## AIM OF THE TASK
Can you quote, word for word, every line from the first line of the records below through the line containing "settings Model: DSRTSU_INTERNAL_RTI_VER=380", and nothing else?
** Opening DATASET EXTRACT block **
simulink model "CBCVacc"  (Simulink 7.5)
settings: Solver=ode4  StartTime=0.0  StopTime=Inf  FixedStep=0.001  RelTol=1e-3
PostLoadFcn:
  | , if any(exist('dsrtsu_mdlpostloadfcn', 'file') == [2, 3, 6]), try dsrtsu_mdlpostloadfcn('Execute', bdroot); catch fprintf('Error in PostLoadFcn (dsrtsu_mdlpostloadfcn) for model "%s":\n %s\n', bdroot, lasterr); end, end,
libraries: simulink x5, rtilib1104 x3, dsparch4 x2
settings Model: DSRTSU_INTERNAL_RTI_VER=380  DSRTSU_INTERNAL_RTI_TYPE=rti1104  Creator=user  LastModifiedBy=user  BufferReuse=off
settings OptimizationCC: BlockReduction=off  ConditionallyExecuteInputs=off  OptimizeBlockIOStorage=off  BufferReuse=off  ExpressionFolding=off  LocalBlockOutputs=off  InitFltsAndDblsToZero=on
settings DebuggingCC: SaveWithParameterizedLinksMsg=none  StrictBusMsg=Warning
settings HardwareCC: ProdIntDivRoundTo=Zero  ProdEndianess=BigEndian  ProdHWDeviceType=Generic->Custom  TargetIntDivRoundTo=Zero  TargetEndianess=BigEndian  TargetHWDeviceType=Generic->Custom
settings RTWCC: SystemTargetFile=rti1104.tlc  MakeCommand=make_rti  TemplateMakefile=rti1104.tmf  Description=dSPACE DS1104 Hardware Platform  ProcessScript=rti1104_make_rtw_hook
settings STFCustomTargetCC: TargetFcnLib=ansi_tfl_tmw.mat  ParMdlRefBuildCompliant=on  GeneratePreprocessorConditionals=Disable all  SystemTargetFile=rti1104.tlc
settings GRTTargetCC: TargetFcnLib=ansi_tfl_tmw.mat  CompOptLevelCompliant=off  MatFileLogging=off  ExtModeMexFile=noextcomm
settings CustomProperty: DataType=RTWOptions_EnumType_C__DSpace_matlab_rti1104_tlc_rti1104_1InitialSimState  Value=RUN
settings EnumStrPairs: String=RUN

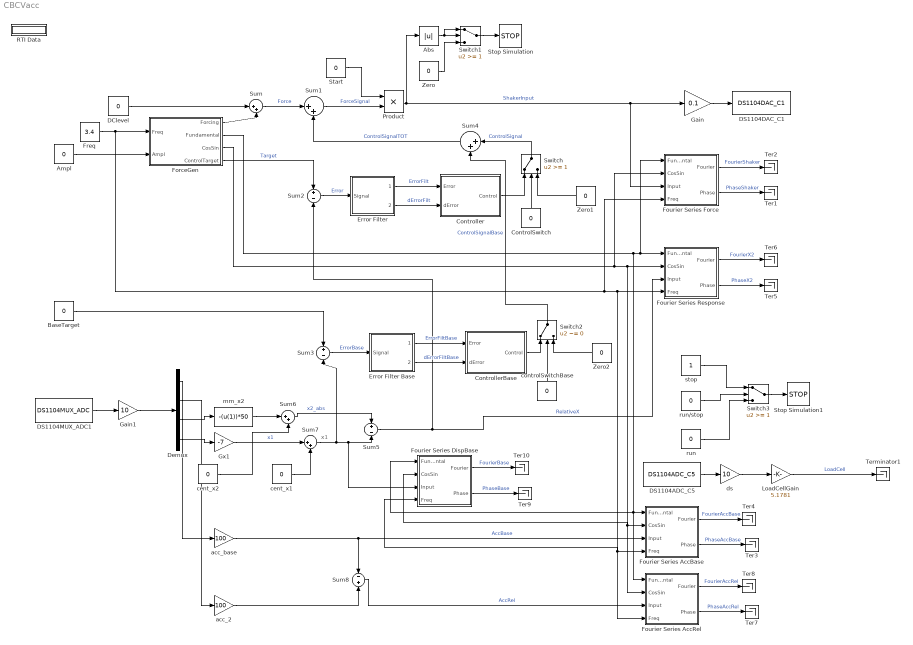
== system CBCVacc ==
  note: x1
  Abs : Abs
  Ampl : Constant  Value=0
  BaseTarget : Constant  Value=0  OutDataType=sfix(16)  OutScaling=2^0
  ControlSwitch : Constant  Value=0  OutDataType=sfix(16)  OutScaling=2^0
  Controller : Subsystem
  ControllerBase : Subsystem
  DClevel : Constant  Value=0  OutDataType=sfix(16)  OutScaling=2^0
  DS1104ADC_C5 : rtilib1104/DS1104 MASTER PPC/DS1104ADC_C5  SystemSampleTime=-1  ChannelNo=5  TriggerMode=0  Reserved1=[]  Reserved2=[]  Reserved3=[]  Reserved4=[]  DialogFcn=gui1104adc  UnitName={ 'DS1104ADC_C' }  UnitValues={ 5 }  DSProperties=struct('RTI',struct('Version',uint32(1),'BlockType',struct('isSLSource',uint8(1),'isSLSink',uint8(0),'isHWSource',uint8(1),'isHWSink',uint8(0),'isSetup',uint8(0),'isInline',uint8(1),'isNonInline',uint8(0),'isInterrupt',uint8(0),'isChannelwise',uint8(1)),'IOBoardType','DS1104MASTER','UnitType','ADC','Identifier','ADC','DialogType','ML','BlockSet','NONE','SlaveProcessor','NONE'))
  DS1104DAC_C1 : rtilib1104/DS1104 MASTER PPC/DS1104DAC_C1  SystemSampleTime=-1  ChannelNo=1  InitValue=0  TermMode=0  TermValue=0  Reserved1=[]  Reserved2=[]  Reserved3=[]  Reserved4=[]  DialogFcn=gui1104dac  UnitName={ 'DS1104DAC_C'}  UnitValues={ 1 }  DSProperties=struct('RTI',struct('Version',uint32(1),'BlockType',struct('isSLSource',uint8(0),'isSLSink',uint8(1),'isHWSource',uint8(0),'isHWSink',uint8(1),'isSetup',uint8(0),'isInline',uint8(1),'isNonInline',uint8(0),'isInterrupt',uint8(0),'isChannelwise',uint8(1)),'IOBoardType','DS1104MASTER','UnitType','DAC','Identifier','DAC','DialogType','ML','BlockSet','NONE','SlaveProcessor','NONE'))
  DS1104MUX_ADC1 : rtilib1104/DS1104 MASTER PPC/DS1104MUX_ADC  SystemSampleTime=-1  ChannelNos=[1 2 3 4]  TriggerMode=0  Reserved1=[]  Reserved2=[]  Reserved3=[]  Reserved4=[]  DialogFcn=gui1104mux_adc  UnitName={ 'DS1104MUX_ADC' }  UnitValues={ [] }  DSProperties=struct('RTI',struct('Version',uint32(1),'BlockType',struct('isSLSource',uint8(1),'isSLSink',uint8(0),'isHWSource',uint8(1),'isHWSink',uint8(0),'isSetup',uint8(0),'isInline',uint8(1),'isNonInline',uint8(0),'isInterrupt',uint8(0),'isChannelwise',uint8(0)),'IOBoardType','DS1104MASTER','UnitType','ADC','Identifier','ADCMUX','DialogType','ML','BlockSet','NONE','SlaveProcessor','NONE'))
  Demux : Demux
  Error Filter : Subsystem
  Error Filter Base : Subsystem
  ForceGen : Subsystem
  Fourier Series AccBase : Subsystem
  Fourier Series AccRel : Subsystem
  Fourier Series DispBase : Subsystem
  Fourier Series Force : Subsystem
  Fourier Series Response : Subsystem
  Freq : Constant  Value=3.4  SampleTime=-1
  Gain : Gain  Gain=0.1
  Gain1 : Gain  Gain=10  ParameterDataType=sfix(16)  ParameterScaling=2^0  OutDataType=sfix(16)  OutScaling=2^0
  Gx1 : Gain  Gain=-7  ParameterDataType=fixdt(1, 16)  ParameterScaling=2^0  OutDataType=fixdt(1, 16)  OutScaling=2^0
  LoadCellGain : Gain  Gain=5.1781  ParameterDataType=fixdt(1, 16)  ParameterScaling=2^0  OutDataType=fixdt(1, 16)  OutScaling=2^0
  Product : Product  OutDataType=sfix(16)  OutScaling=2^0  RndMeth=Zero
  RTI Data : Subsystem  Tag=struct('RTIDataServer',struct('RTIDataServerVs','2','RTIModelDescription','struct(''main'',''CBCVacc'',''sub'','''',''isMp'',0)'))  LoadFcn="if exist('rtidc'), try,  rtidc('DataHostBlockClbLoad', gcbh); catch, disp(['Warning: ''LoadFcn'' for RTI Data block failed: ' lasterr]); end, end,"
      settings: CopyFcn="if exist('rtidc'), try,  rtidc('DataHostBlockClbCopy', gcbh); catch, disp(['Warning: ''CopyFcn'' for RTI Data block failed: ' lasterr]); end, end,"  DeleteFcn="if exist('rtidc'), try,  rtidc('DataHostBlockClbDelete', gcbh); catch, disp(['Warning: ''DeleteFcn'' for RTI Data block failed: ' lasterr]); end, end,"  ModelCloseFcn="if exist('rtidc'), try,  rtidc('DataHostBlockClbModelClose', gcbh); catch, disp(['Warning: ''ModelCloseFcn'' for RTI Data block failed: ' lasterr]); end, end,"  PreSaveFcn="if exist('rtidc'), try,  rtidc('DataHostBlockClbPreSave', gcbh); catch, disp(['Warning: ''PreSaveFcn'' for RTI Data block failed: ' lasterr]); end, end,"  PostSaveFcn="if exist('rtidc'), try,  rtidc('DataHostBlockClbPostSave', gcbh); catch, disp(['Warning: ''PostSaveFcn'' for RTI Data block failed: ' lasterr]); end, end,"  NameChangeFcn="if exist('rtidc'), try,  rtidc('DataHostBlockClbNameChange', gcbh); catch, disp(['Warning: ''NameChangeFcn'' for RTI Data block failed: ' lasterr]); end, end,"
      mask Type: RTI_DATA_HOST
      mask Description:
      | RTI Data Block.
      | This block is used by RTI to store internal model-dependent data.
      | Please keep this block on the root level of the model. Deleting this block will result in data loss.
      | 
      | NEVER DELETE OR COPY THIS BLOCK!
      mask Help:
      | RTI Data Block.
      | This block is used by RTI to store internal model-dependent data.
      | Please keep this block on the root level of the model. Deleting this block will result in data loss.
      | 
      | NEVER DELETE OR COPY THIS BLOCK!
      mask Display:
      | text(0.5, 0.5, 'RTI Data', 'HorizontalAlignment', 'center');
      | plot([1 0]);
  Start : Constant  Value=0  OutDataType=sfix(16)  OutScaling=2^0
  Stop Simulation : Stop
  Stop Simulation1 : Stop
  Sum : Sum  Inputs=|++  OutDataType=sfix(16)  OutScaling=2^0
  Sum1 : Sum  Inputs=|++
  Sum2 : Sum  Inputs=+|-
  Sum3 : Sum  Inputs=+|-
  Sum4 : Sum  Inputs=|++
  Sum5 : Sum  Inputs=+|-
  Sum6 : Sum  Inputs=|++  OutDataType=sfix(16)  OutScaling=2^0
  Sum7 : Sum  Inputs=|++  OutDataType=sfix(16)  OutScaling=2^0
  Sum8 : Sum  Inputs=-|+
  Switch : Switch  Threshold=1
  Switch1 : Switch  Threshold=1
  Switch2 : Switch  Criteria=u2 ~= 0
  Switch3 : Switch  Threshold=1
  Ter{1..10} (10 alike) : Terminator
  Terminator1 : Terminator
  Zero : Constant  Value=0  OutDataType=sfix(16)  OutScaling=2^0
  Zero1 : Constant  Value=0  OutDataType=sfix(16)  OutScaling=2^0
  Zero2 : Constant  Value=0  OutDataType=sfix(16)  OutScaling=2^0
  acc_2 : Gain  Gain=100  ParameterDataType=fixdt(1, 16)  ParameterScaling=2^0  OutDataType=fixdt(1, 16)  OutScaling=2^0
  acc_base : Gain  Gain=100  ParameterDataType=fixdt(1, 16)  ParameterScaling=2^0  OutDataType=fixdt(1, 16)  OutScaling=2^0
  cent_x1 : Constant  Value=0
  cent_x2 : Constant  Value=0
  controlSwitchBase : Constant  Value=0  OutDataType=sfix(16)  OutScaling=2^0
  ds : Gain  Gain=10  ParameterDataType=fixdt(1, 16)  ParameterScaling=2^0  OutDataType=fixdt(1, 16)  OutScaling=2^0
  mm_x2 : Fcn  Expr=-(u(1))*50
  run : Constant  Value=0  OutDataType=sfix(16)  OutScaling=2^0
  run/stop : Constant  Value=0  OutDataType=sfix(16)  OutScaling=2^0
  stop : Constant  OutDataType=sfix(16)  OutScaling=2^0
  wires:
  Freq/1 -> ForceGen/1(Freq), Fourier Series Force/4(Freq), Fourier Series Response/4(Freq), Fourier Series AccBase/4(Freq), Fourier Series AccRel/4(Freq), Fourier Series DispBase/4(Freq)
  Ampl/1 -> ForceGen/2(Ampl)
  ForceGen/3(CosSin) -> Fourier Series Force/2(CosSin), Fourier Series Response/2(CosSin), Fourier Series AccBase/2(CosSin), Fourier Series AccRel/2(CosSin), Fourier Series DispBase/2(CosSin)
  ForceGen/2(Fundamental) -> Fourier Series Response/1(Fundamental), Fourier Series Force/1(Fundamental), Fourier Series AccBase/1(Fundamental), Fourier Series AccRel/1(Fundamental), Fourier Series DispBase/1(Fundamental)
  Fourier Series Response/1(Fourier) -> Ter6/1  "FourierX2"
  Gain/1 -> DS1104DAC_C1/1
  Fourier Series Response/2(Phase) -> Ter5/1  "PhaseX2"
  ForceGen/1(Forcing) -> Sum/2
  DS1104MUX_ADC1/1 -> Gain1/1
  Gain1/1 -> Demux/1
  DClevel/1 -> Sum/1
  Switch1/1 -> Stop Simulation/1
  Abs/1 -> Switch1/2, Switch1/1
  Zero/1 -> Switch1/3
  Start/1 -> Product/1
  Sum/1 -> Sum1/1  "Force"
  Product/1 -> Abs/1, Gain/1, Fourier Series Force/3(Input)  "ShakerInput"
  Error Filter/1(Filtered) -> Controller/1(Error)  "ErrorFilt"
  Error Filter/2(dFiltered) -> Controller/2(dError)  "dErrorFilt"
  Sum2/1 -> Error Filter/1(Signal)  "Error"
  Controller/1(Control) -> Switch/1
  ControlSwitch/1 -> Switch/2
  Zero1/1 -> Switch/3
  ForceGen/4(ControlTarget) -> Sum2/1  "Target"
  Sum1/1 -> Product/2  "ForceSignal"
  Demux/1 -> acc_base/1
  Demux/3 -> mm_x2/1
  Demux/2 -> acc_2/1
  Demux/4 -> Gx1/1
  Error Filter Base/1(Filtered) -> ControllerBase/1(Error)  "ErrorFiltBase"
  Error Filter Base/2(dFiltered) -> ControllerBase/2(dError)  "dErrorFiltBase"
  ControllerBase/1(Control) -> Switch2/1
  Zero2/1 -> Switch2/3
  Sum3/1 -> Error Filter Base/1(Signal)  "ErrorBase"
  BaseTarget/1 -> Sum3/1
  Switch2/1 -> Sum4/2  "ControlSignalBase"
  Sum4/1 -> Sum1/2  "ControlSignalTOT"
  Switch/1 -> Sum4/1  "ControlSignal"
  Fourier Series Force/1(Fourier) -> Ter2/1  "FourierShaker"
  Fourier Series Force/2(Phase) -> Ter1/1  "PhaseShaker"
  Switch3/1 -> Stop Simulation1/1
  run/1 -> Switch3/3
  stop/1 -> Switch3/1
  run/stop/1 -> Switch3/2
  Sum5/1 -> Fourier Series Response/3(Input), Sum2/2  "RelativeX"
  controlSwitchBase/1 -> Switch2/2
  mm_x2/1 -> Sum6/1
  cent_x2/1 -> Sum6/2
  Sum6/1 -> Sum5/1  "x2_abs"
  Gx1/1 -> Sum7/1  "x1"
  cent_x1/1 -> Sum7/2
  Sum7/1 -> Sum3/2, Sum5/2, Fourier Series DispBase/3(Input)
  LoadCellGain/1 -> Terminator1/1  "LoadCell"
  acc_base/1 -> Fourier Series AccBase/3(Input), Sum8/1  "AccBase"
  DS1104ADC_C5/1 -> ds/1
  ds/1 -> LoadCellGain/1
  Fourier Series AccBase/1(Fourier) -> Ter4/1  "FourierAccBase"
  Fourier Series AccBase/2(Phase) -> Ter3/1  "PhaseAccBase"
  Fourier Series AccRel/1(Fourier) -> Ter8/1  "FourierAccRel"
  Fourier Series AccRel/2(Phase) -> Ter7/1  "PhaseAccRel"
  acc_2/1 -> Sum8/2
  Sum8/1 -> Fourier Series AccRel/3(Input)  "AccRel"
  Fourier Series DispBase/1(Fourier) -> Ter10/1  "FourierBase"
  Fourier Series DispBase/2(Phase) -> Ter9/1  "PhaseBase"

== system CBCVacc/Controller ==
  Error : Inport
  dError : Inport  Port=2
  Kd : Constant  Value=0
  Kp : Constant  Value=0
  Product : Product  RndMeth=Zero
  Product1 : Product  RndMeth=Zero
  Sum2 : Sum  Inputs=+|+
  Control : Outport
  wires:
  Kp/1 -> Product/1
  Kd/1 -> Product1/2
  Product/1 -> Sum2/1
  Product1/1 -> Sum2/2
  Error/1 -> Product/2
  Sum2/1 -> Control/1  "Control"
  dError/1 -> Product1/1

== system CBCVacc/ControllerBase ==
  Error : Inport
  dError : Inport  Port=2
  Kd : Constant  Value=0
  Kp : Constant  Value=0
  Product : Product  RndMeth=Zero
  Product1 : Product  RndMeth=Zero
  Sum2 : Sum  Inputs=+|+
  Control : Outport
  wires:
  Kp/1 -> Product/1
  Kd/1 -> Product1/2
  Product/1 -> Sum2/1
  Product1/1 -> Sum2/2
  Error/1 -> Product/2
  Sum2/1 -> Control/1  "Control"
  dError/1 -> Product1/1

== system CBCVacc/Error Filter ==
  Signal : Inport
  Analog Filter Design : dsparch4/Analog Filter Design  method=Butterworth  filttype=Lowpass  N=4  Wlo=2*pi*25  Whi=80  Rp=2  Rs=40
  Sum4 : Sum  Inputs=|-+
  Unit Delay : UnitDelay  SampleTime=-1
  Weighted Sample Time : SampleTimeMath  TsampMathOp=/
  Filtered : Outport
  dFiltered : Outport  Port=2
  wires:
  Unit Delay/1 -> Sum4/1
  Sum4/1 -> Weighted Sample Time/1
  Weighted Sample Time/1 -> dFiltered/1
  Signal/1 -> Analog Filter Design/1
  Analog Filter Design/1 -> Unit Delay/1, Filtered/1, Sum4/2

== system CBCVacc/Error Filter Base ==
  Signal : Inport
  Analog Filter Design : dsparch4/Analog Filter Design  method=Butterworth  filttype=Lowpass  N=4  Wlo=2*pi*25  Whi=80  Rp=2  Rs=40
  Sum4 : Sum  Inputs=|-+
  Unit Delay : UnitDelay  SampleTime=-1
  Weighted Sample Time : SampleTimeMath  TsampMathOp=/
  Filtered : Outport
  dFiltered : Outport  Port=2
  wires:
  Weighted Sample Time/1 -> dFiltered/1
  Analog Filter Design/1 -> Unit Delay/1, Sum4/2, Filtered/1
  Unit Delay/1 -> Sum4/1
  Sum4/1 -> Weighted Sample Time/1
  Signal/1 -> Analog Filter Design/1

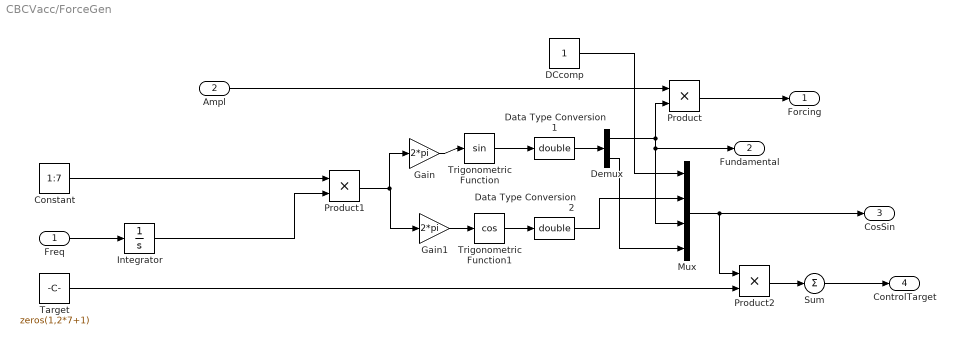
== system CBCVacc/ForceGen ==
  Freq : Inport
  Ampl : Inport  Port=2
  Constant : Constant  Value=1:7
  DCcomp : Constant  OutDataType=sfix(16)  OutScaling=2^0
  Data Type Conversion1 : DataTypeConversion  OutDataTypeMode=double  OutDataTypeStr=double
  Data Type Conversion2 : DataTypeConversion  OutDataTypeMode=double  OutDataTypeStr=double
  Demux : Demux  Outputs=[1,-1]
  Gain : Gain  Gain=2*pi
  Gain1 : Gain  Gain=2*pi
  Integrator : Integrator
  Mux : Mux
  Product : Product
  Product1 : Product
  Product2 : Product  RndMeth=Zero
  Sum : Sum  Inputs=|+|
  Target : Constant  Value=zeros(1,2*7+1)
  Trigonometric Function : Trigonometry
  Trigonometric Function1 : Trigonometry  Operator=cos
  Forcing : Outport
  Fundamental : Outport  Port=2
  CosSin : Outport  Port=3
  ControlTarget : Outport  Port=4
  wires:
  Freq/1 -> Integrator/1
  Trigonometric Function/1 -> Data Type Conversion1/1
  Data Type Conversion1/1 -> Demux/1
  Ampl/1 -> Product/1
  Product/1 -> Forcing/1
  Constant/1 -> Product1/1
  Product1/1 -> Gain/1, Gain1/1
  Trigonometric Function1/1 -> Data Type Conversion2/1
  Mux/1 -> CosSin/1, Product2/1
  Demux/1 -> Product/2, Fundamental/1, Mux/3
  Integrator/1 -> Product1/2
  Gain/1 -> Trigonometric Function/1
** Closing DATASET EXTRACT block **
## ANSWER BOX
simulink model "CBCVacc"  (Simulink 7.5)
settings: Solver=ode4  StartTime=0.0  StopTime=Inf  FixedStep=0.001  RelTol=1e-3
PostLoadFcn:
  | , if any(exist('dsrtsu_mdlpostloadfcn', 'file') == [2, 3, 6]), try dsrtsu_mdlpostloadfcn('Execute', bdroot); catch fprintf('Error in PostLoadFcn (dsrtsu_mdlpostloadfcn) for model "%s":\n %s\n', bdroot, lasterr); end, end,
libraries: simulink x5, rtilib1104 x3, dsparch4 x2
settings Model: DSRTSU_INTERNAL_RTI_VER=380  DSRTSU_INTERNAL_RTI_TYPE=rti1104  Creator=user  LastModifiedBy=user  BufferReuse=off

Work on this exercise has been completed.